The simplest similarity measure used is known as overlap measure (Boriah, Chandola, and Kumar 2008). Similarity of 1 is assigned when two categorical values are identical otherwise similarity is assigned as 0. The overall similarity between two data instances of multivariate categorical data is proportional to the number of attributes in which they are identical. The overlap measure does not distinguish different values of attributes hence matches and mismatches are treated equally. Goodall proposed a similarity measure to normalize similarity between two data instances by the probability of occurrences in a random sample (W. Goodall 1966).

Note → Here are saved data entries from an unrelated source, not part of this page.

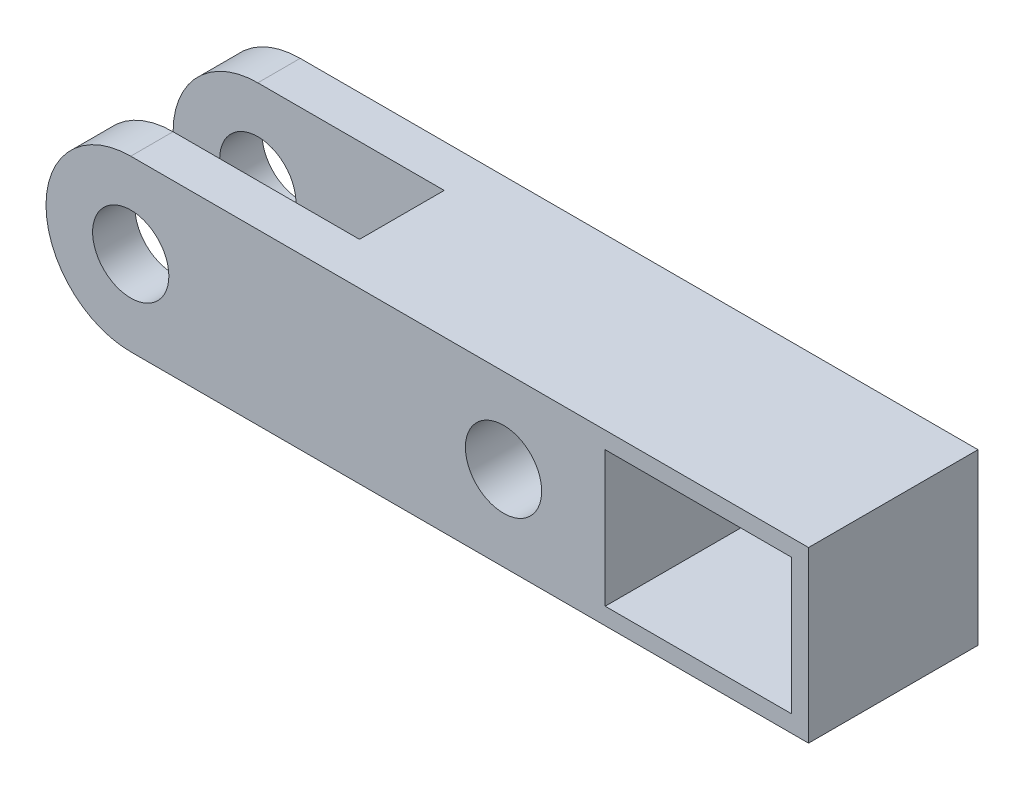
SolidWorks part; units mm, degrees
material "PET"
ref_plane "Front Plane" through (0, 0, 0) normal (0, 0, 1) x (1, 0, 0)
ref_plane "Top Plane" through (0, 0, 0) normal (0, 1, 0) x (1, 0, 0)
ref_plane "Right Plane" through (0, 0, 0) normal (1, 0, 0) x (0, 0, -1)
sketch "Sketch1" plane through (0, 0, 0) normal (0, 0, 1) x (1, 0, 0)
  line L1 (0, 5) -> (40, 5)
  line L2 (0, -5) -> (40, -5)
  line L3 (40, 5) -> (40, -5)
  arc A0 (0, 5) -> (0, -5) centre (0, 0) ccw
  circle A2 centre (0, 0) radius 2.25
  dimension "D1" = 5
  dimension "D3" = 4.5
  dimension "D2" = 40
  dimension "D4" = 10
extrude "Boss-Extrude1" add sketch "Sketch1" along normal mid plane 10
sketch "Sketch2" plane through (0, -5, 5) normal (0, 0, -1) x (1, 0, 0)
  line L3 (40, 0) -> (40, -10) construction
  circle A0 centre (22, -5) radius 2.25
  dimension "D1" = 4.5
  dimension "D2" = 18
extrude "Cut-Extrude2" cut sketch "Sketch2" along normal through all
sketch "Sketch4" plane through (0, 0, 5) normal (0, 0, -1) x (-1, 0, 0)
  line L1 (-28, -4) -> (-39, -4)
  line L2 (-28, -4) -> (-28, 4)
  line L3 (-28, 4) -> (-39, 4)
  line L4 (-39, -4) -> (-39, 4)
  line L6 (-40, 5) -> (0, 5) construction
  line L8 (-40, -5) -> (-40, 5) construction
  dimension "D1" = 8
  dimension "D2" = 11
  dimension "D3" = 1
  dimension "D4" = 1
extrude "Cut-Extrude5" cut sketch "Sketch4" along normal through all
sketch "Sketch5" plane through (0, -5, 0) normal (0, -1, 0) x (1, 0, 0)
  line L0 (-5, 5) -> (-5, -5) construction
  line L1 (-5, -2.5) -> (11, -2.5)
  line L2 (-5, -2.5) -> (-5, 2.5)
  line L3 (-5, 2.5) -> (11, 2.5)
  line L4 (11, -2.5) -> (11, 2.5)
  line L5 (40, 5) -> (40, -5) construction
  point P8 (40, 0)
  point P9 (11, 0)
  dimension "D1" = 16
  dimension "D2" = 5
extrude "Cut-Extrude6" cut sketch "Sketch5" against normal through all
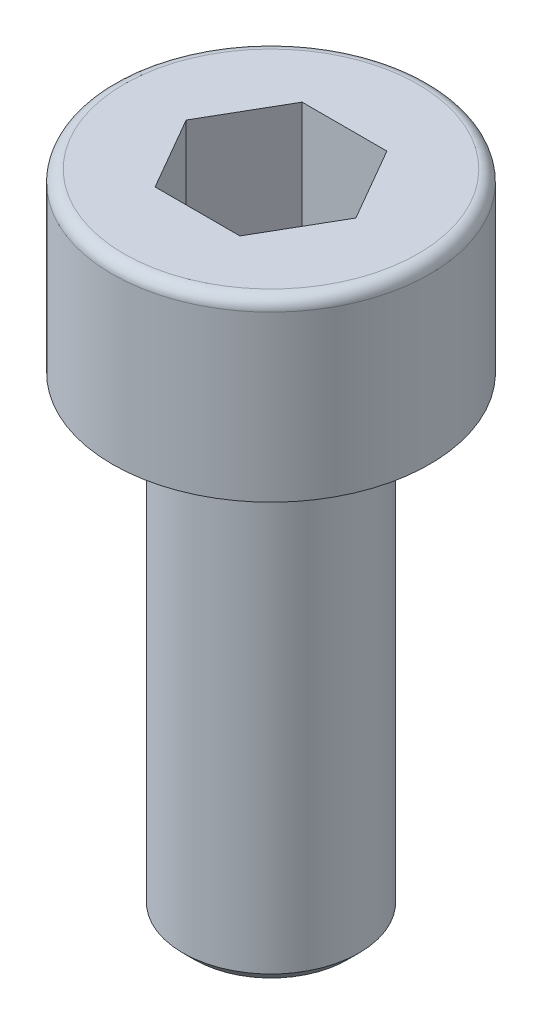
SolidWorks part; units mm, degrees
material "1023 Carbon Steel Sheet (SS)"
ref_plane "Front" through (0, 0, 0) normal (0, 0, 1) x (1, 0, 0)
ref_plane "Top" through (0, 0, 0) normal (0, 1, 0) x (1, 0, 0)
ref_plane "Right" through (0, 0, 0) normal (1, 0, 0) x (0, 0, -1)
sketch "Sketch1" plane through (0, 0, 0) normal (1, 0, 0) x (0, 0, -1)
  line L0 (0, 11.8275) -> (0, 0) construction
  line L1 (0, 0) -> (14.4314, 0) construction
  line L2 (0, 3) -> (0, -8)
  line L3 (0, -8) -> (1.3, -8)
  line L4 (1.3, -8) -> (1.5, -7.8)
  line L5 (1.5, -7.8) -> (1.5, -0.2)
  line L6 (1.7, 0) -> (2.7, 0)
  line L7 (2.7, 0) -> (2.7, 2.8)
  line L8 (2.5, 3) -> (0, 3)
  arc A0 (1.5, -0.2) -> (1.7, 0) centre (1.7, -0.2) cw
  arc A1 (2.7, 2.8) -> (2.5, 3) centre (2.5, 2.8) ccw
  dimension "D6" = 0.2
  dimension "D1" = 8
  dimension "D2" = 5.4
  dimension "D3" = 3
  dimension "D4" = 45
  dimension "D5" = 0.2
  dimension "D7" = 3
revolve "Revolve1" add sketch "Sketch1" angle 360 about L0
cosmetic thread "Cosmetic Thread1" parameters "D2"=2.439
sketch "Sketch2" plane through (0, 3, 0) normal (0, 1, 0) x (1, 0, 0)
  line L1 (0.7217, 1.25) -> (-0.7217, 1.25)
  line L2 (-0.7217, 1.25) -> (-1.4434, 0)
  line L3 (-1.4434, 0) -> (-0.7217, -1.25)
  line L4 (-0.7217, -1.25) -> (0.7217, -1.25)
  line L5 (0.7217, -1.25) -> (1.4434, 0)
  line L6 (1.4434, 0) -> (0.7217, 1.25)
  circle A0 centre (0, 0) radius 1.25 construction
  dimension "D1" = 2.5
extrude "Cut-Extrude1" cut sketch "Sketch2" against normal blind 2
equation "\"Screw Length\"= 8"
equation "\"D1@Sketch1\"=\"Screw Length\""
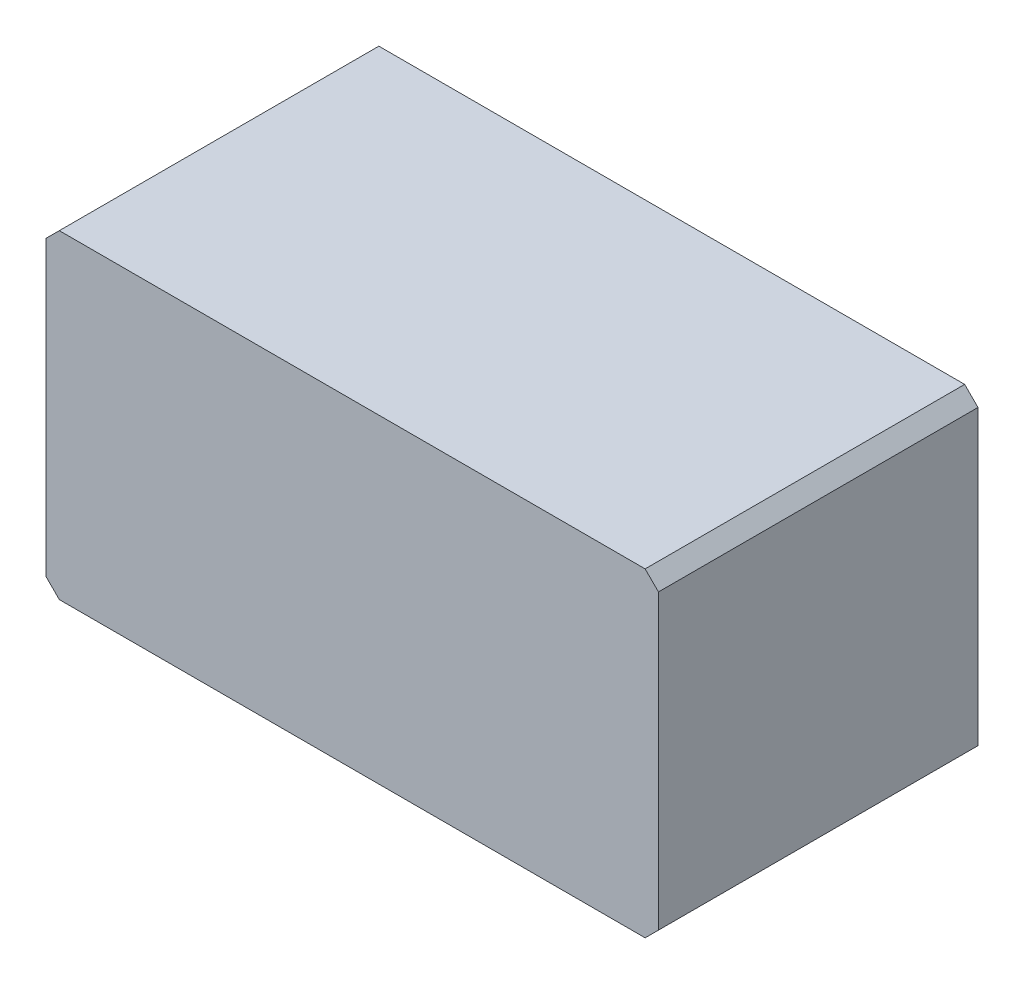
SolidWorks part; units mm, degrees
ref_plane "前视基准面" through (0, 0, 0) normal (0, 0, 1) x (1, 0, 0)
ref_plane "上视基准面" through (0, 0, 0) normal (0, 1, 0) x (1, 0, 0)
ref_plane "右视基准面" through (0, 0, 0) normal (1, 0, 0) x (0, 0, -1)
sketch "草图1" plane through (0, 0, 0) normal (0, 0, 1) x (1, 0, 0)
  line L0 (-0.575, 0.275) -> (-0.55, 0.3)
  line L1 (-0.55, 0.3) -> (0.55, 0.3)
  line L2 (0.55, 0.3) -> (0.575, 0.275)
  line L3 (0.575, 0.275) -> (0.575, -0.275)
  line L4 (0.575, -0.275) -> (0.55, -0.3)
  line L5 (0.55, -0.3) -> (-0.55, -0.3)
  line L6 (-0.55, -0.3) -> (-0.575, -0.275)
  line L7 (-0.575, -0.275) -> (-0.575, 0.275)
extrude "Component_Outline" add sketch "草图1" along normal blind 0.6 separate body
sketch3d "3D草图1"
  line L0 (0, 0, 0) -> (1, 0, 0)
  line L1 (0, 0, 0) -> (0, 1, 0)
  line L2 (0, 0, 0) -> (0, 0, 1)
  point P0 (0, 0, 0)

This measure assigns a higher similarity score to the values which are less frequent. Gambaryan proposed similarity measure by giving more weight to matches where the frequency of occurrence of categorical values is about half in the dataset (Gambaryan 1964). (Eskin et al. 2002) developed a normalization kernel intrusion detection system. This measure assigns more weight to mismatches of attributes that contain many values. Inverse Occurrence frequency (IOF) assigns lower similarity values to mismatches that are based on more frequent values. IOF measure is derived from information retrieval (Sparck Jones 2004) and is associated with the idea of inverse document frequency. The Occurrence frequency (OF) measure assigns lower similarity to mismatches on less frequent values and mismatches on more frequent items are assigned higher similarity (Boriah, Chandola, and Kumar 2008).
Lin proposed a similarity framework based on information theory (Lin 1998). According to Lin, similarity can be explained in terms of a set of assumptions. If the assumptions are considered true, the similarity measure is necessarily followed. Therefore, the similarity between the two values is calculated by the ratio between the amount of information required to state the commonality of both values and the information needed to fully describe both values separately. Lin derived similarity measure for words, ordinal and string data.
Das and Mannila's research is based on the key point that attribute value similarity is related to other attributes (Das and Mannila 2000). They proposed Iterated Contextual Distances (ICD) based on the idea that attribute and object similarities are interdependent. ICD finds attribute similarity, sub relation, and row similarity. Ahmed and Dey proposed a distance-based measure in term of co-occurrence of values, the overall distribution of two attribute values are considered along with their co-occurrence with the values of other attributes (Ahmad and Dey 2007).
Document or sentence similarity is considered the basic task for many natural language processing(NLP) engines such as information retrieval, query answering, and text summarization. Semantic-based methods use information from dictionaries (WordNet) to find relatedness between two terms. Classic methods in NLP are based on the shortest path measure (Roy et al. 1989). (Leacock and Chodorow 1998) proposed a similarity technique based on the shortest path between nodes in a taxonomy and the number of nodes. (Huang and Sheng 2012) based their sentence similarity measure by using WordNet information content and string edit distance, for paraphrase recognition.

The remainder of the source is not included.